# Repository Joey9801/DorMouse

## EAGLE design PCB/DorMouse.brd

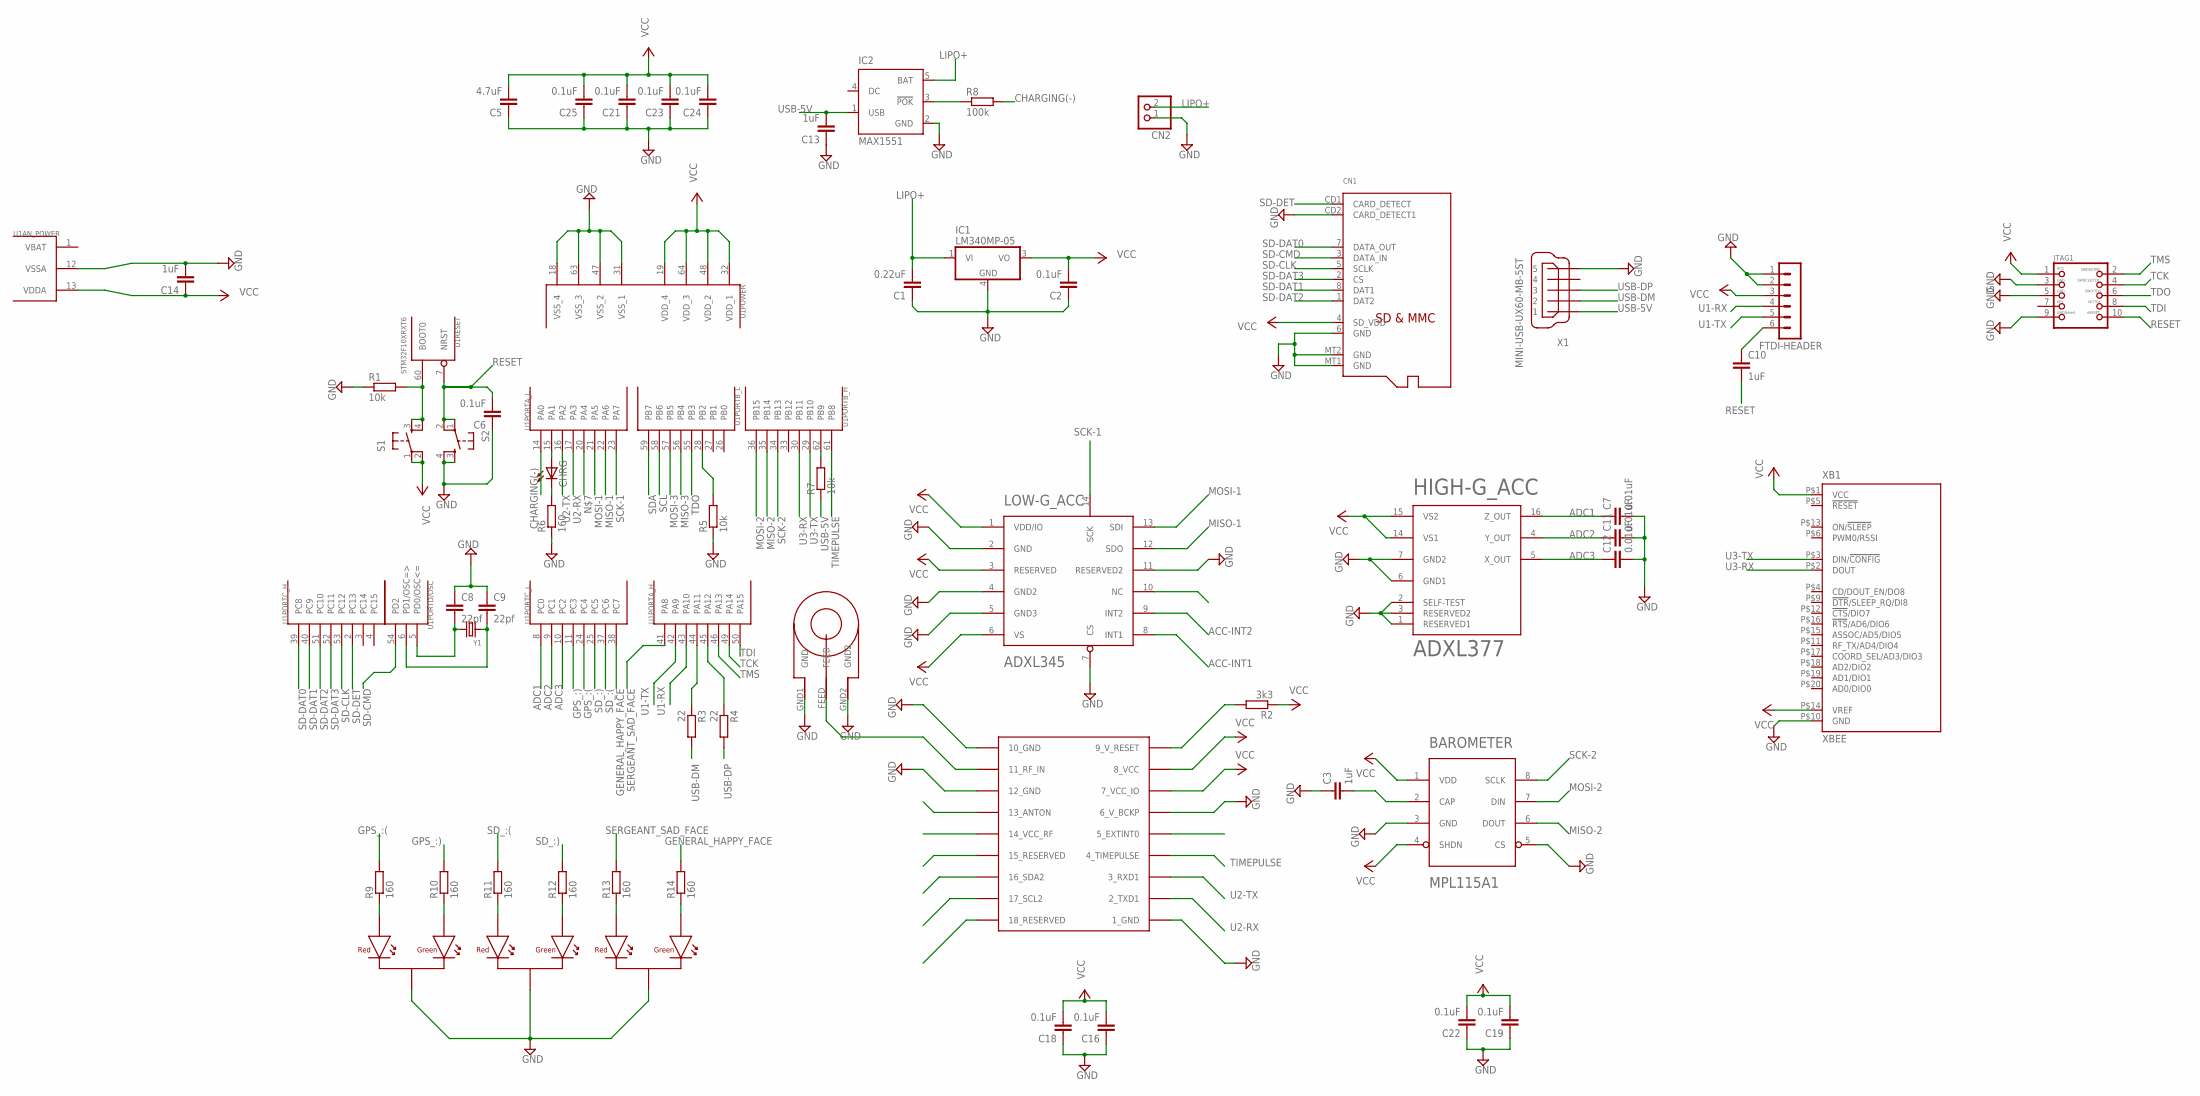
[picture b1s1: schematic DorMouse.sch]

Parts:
BAROMETER: MPL115A1; LGA-8
C1: 0.22uF; C0402
C2, C6, C16, C18, C19, C21, C22, C23, C24, C25: 0.1uF; C0402
C3, C10, C13, C14: 1uF; C0402
C5: 4.7uF; C0402
C7, C11, C12: 0.01uF; C0402
C8, C9: 22pf; C0402
CHRG: LEDCHIPLED_0603; CHIPLED_0603
CN1: MICROSD
CN2: JST_2PINSH2; JSTSH2
FTDI-HEADER: MA06-1
GENERAL: RED-GREEN_LED; SOT23
GPS: UBLOX_MAX-6
GPS-LED: RED-GREEN_LED; SOT23
HIGH-G_ACC: ADXL377; LFCSP-16
IC1: LM340MP-05; SOT223
IC2: MAX1551; SOT23-5L
JTAG1: JTAG-CORTEXM3; 2X05_1.27MM_SMT
LOW-G_ACC: ADXL345; LGA-14
R1, R5, R7: 10k; R0402
R2: 3k3; R0402
R3, R4: 22; R0402
R6, R9, R10, R11, R12, R13, R14: 160; R0402
R8: 100k; R0402
S1, S2: TAC_SWITCHSMD; TACTILE_SWITCH_SMD
SD-LED: RED-GREEN_LED; SOT23
U1: STM32F10XRXT6; TQFP64
U$1: SARANTEL-SR1202
X1: MINI-USB-UX60-MB-5ST; UX60-MB-5ST
XB1: XBEE
Y1: CRYSTALSMD; HC49UP

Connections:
ACC-INT1: LOW-G_ACC.8 (INT1)
ACC-INT2: LOW-G_ACC.9 (INT2)
ADC1: C7.1, HIGH-G_ACC.16 (Z_OUT), U1.8 (PC0)
ADC2: C11.1, HIGH-G_ACC.4 (Y_OUT), U1.9 (PC1)
ADC3: C12.1, HIGH-G_ACC.5 (X_OUT), U1.10 (PC2)
BOOT1: R5.2, U1.28 (PB2)
CHARGING(-): R8.2, U1.14 (PA0)
GENERAL_HAPPY_FACE: R14.2, U1.38 (PC7)
GND: BAROMETER.3 (GND), BAROMETER.5 (CS), C1.1, C2.1, C3.1, C5.1, C6.1, C7.2, C8.1, C9.1, C11.2, C12.2, C13.1, C14.2, C16.1, C18.1, C19.1, C21.1, C22.1, C23.1, C24.1, C25.1, CN1.6 (GND), CN1.CD2 (CARD_DETECT1), CN1.MT1 (GND), CN1.MT2 (GND), CN2.1, FTDI-HEADER.1, FTDI-HEADER.2, GENERAL.3 (CATHODE), GPS.1_GND, GPS.6_V_BCKP, GPS.10_GND, GPS.12_GND, GPS-LED.3 (CATHODE), HIGH-G_ACC.1 (RESERVED1), HIGH-G_ACC.2 (SELF-TEST), HIGH-G_ACC.3 (RESERVED2), HIGH-G_ACC.6 (GND1), HIGH-G_ACC.7 (GND2), IC1.4 (GND), IC2.2 (GND), JTAG1.3, JTAG1.5, JTAG1.9, LOW-G_ACC.2 (GND), LOW-G_ACC.4 (GND2), LOW-G_ACC.5 (GND3), LOW-G_ACC.7 (CS), LOW-G_ACC.11 (RESERVED2), R1.1, R5.1, R6.1, S2.3, S2.4, SD-LED.3 (CATHODE), U1.12 (VSSA), U1.18 (VSS_4), U1.31 (VSS_1), U1.47 (VSS_2), U1.63 (VSS_3), U$1.GND1 (GND), U$1.GND2, X1.5, XB1.P$10 (GND)
GPS_:(: R9.2, U1.24 (PC4)
GPS_:): R10.2, U1.11 (PC3)
LIPO+: C1.2, CN2.2, IC1.1 (VI), IC2.5 (BAT)
MISO-1: LOW-G_ACC.12 (SDO), U1.22 (PA6)
MISO-2: BAROMETER.6 (DOUT), U1.35 (PB14)
MISO-3: U1.56 (PB4)
MOSI-1: LOW-G_ACC.13 (SDI), U1.21 (PA5)
MOSI-2: BAROMETER.7 (DIN), U1.36 (PB15)
MOSI-3: U1.57 (PB5)
unnamed: R1.2, S1.3, S1.4, U1.60 (BOOT0)
unnamed: BAROMETER.2 (CAP), C3.2
unnamed: R3.1, U1.44 (PA11)
unnamed: C9.2, U1.6 (PD1/OSC=>), Y1.1
unnamed: R4.1, U1.45 (PA12)
unnamed: CHRG.A, U1.15 (PA1)
unnamed: CHRG.C, R6.2
unnamed: IC2.3 (!POK), R8.1
unnamed: C8.2, U1.5 (PD0/OSC<=), Y1.2
unnamed: GPS.9_V_RESET, R2.2
unnamed: GPS-LED.1 (RED-ANODE), R9.1
unnamed: GPS.11_RF_IN, U$1.FEED
unnamed: C10.1, FTDI-HEADER.6
unnamed: R7.2, U1.62 (PB9)
unnamed: GPS-LED.2 (GREEN-ANODE), R10.1
unnamed: R11.1, SD-LED.1 (RED-ANODE)
unnamed: R12.1, SD-LED.2 (GREEN-ANODE)
unnamed: GENERAL.1 (RED-ANODE), R13.1
unnamed: GENERAL.2 (GREEN-ANODE), R14.1
RESET: C6.2, C10.2, JTAG1.10, S2.1, S2.2, U1.7 (NRST)
SCK-1: LOW-G_ACC.14 (SCK), U1.23 (PA7)
SCK-2: BAROMETER.8 (SCLK), U1.34 (PB13)
SCL: U1.58 (PB6)
SD-CLK: CN1.5 (SCLK), U1.53 (PC12)
SD-CMD: CN1.3 (DATA_IN), U1.54 (PD2)
SD-DAT0: CN1.7 (DATA_OUT), U1.39 (PC8)
SD-DAT1: CN1.8 (DAT1), U1.40 (PC9)
SD-DAT2: CN1.1 (DAT2), U1.51 (PC10)
SD-DAT3: CN1.2 (CS), U1.52 (PC11)
SD-DET: CN1.CD1 (CARD_DETECT), U1.2 (PC13)
SDA: U1.59 (PB7)
SD_:(: R11.2, U1.37 (PC6)
SD_:): R12.2, U1.25 (PC5)
SERGEANT_SAD_FACE: R13.2, U1.41 (PA8)
TCK: JTAG1.4, U1.49 (PA14)
TDI: JTAG1.8, U1.50 (PA15)
TDO: JTAG1.6, U1.55 (PB3)
TIMEPULSE: GPS.4_TIMEPULSE, U1.61 (PB8)
TMS: JTAG1.2, U1.46 (PA13)
U1-RX: FTDI-HEADER.4, U1.43 (PA10)
U1-TX: FTDI-HEADER.5, U1.42 (PA9)
U2-RX: GPS.2_TXD1, U1.17 (PA3)
U2-TX: GPS.3_RXD1, U1.16 (PA2)
U3-RX: U1.30 (PB11), XB1.P$2 (DOUT)
U3-TX: U1.29 (PB10), XB1.P$3 (DIN/!CONFIG)
USB-5V: C13.2, IC2.1 (USB), R7.1, X1.1
USB-DM: R3.2, X1.2
USB-DP: R4.2, X1.3
VBAT: U1.1 (VBAT)
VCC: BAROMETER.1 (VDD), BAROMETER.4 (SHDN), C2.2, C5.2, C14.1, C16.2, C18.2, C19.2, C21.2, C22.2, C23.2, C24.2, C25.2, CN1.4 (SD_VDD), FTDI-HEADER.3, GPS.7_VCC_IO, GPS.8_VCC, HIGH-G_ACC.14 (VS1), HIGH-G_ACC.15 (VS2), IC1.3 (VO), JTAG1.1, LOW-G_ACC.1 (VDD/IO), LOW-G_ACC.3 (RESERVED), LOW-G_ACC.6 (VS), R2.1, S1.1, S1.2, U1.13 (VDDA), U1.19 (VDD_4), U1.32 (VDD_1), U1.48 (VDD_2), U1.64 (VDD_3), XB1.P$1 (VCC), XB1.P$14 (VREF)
# # # #
*To do:* Based on the entries above, give the number of lines with the string "DorMouse" and no further text.

*Answer for the task:* 3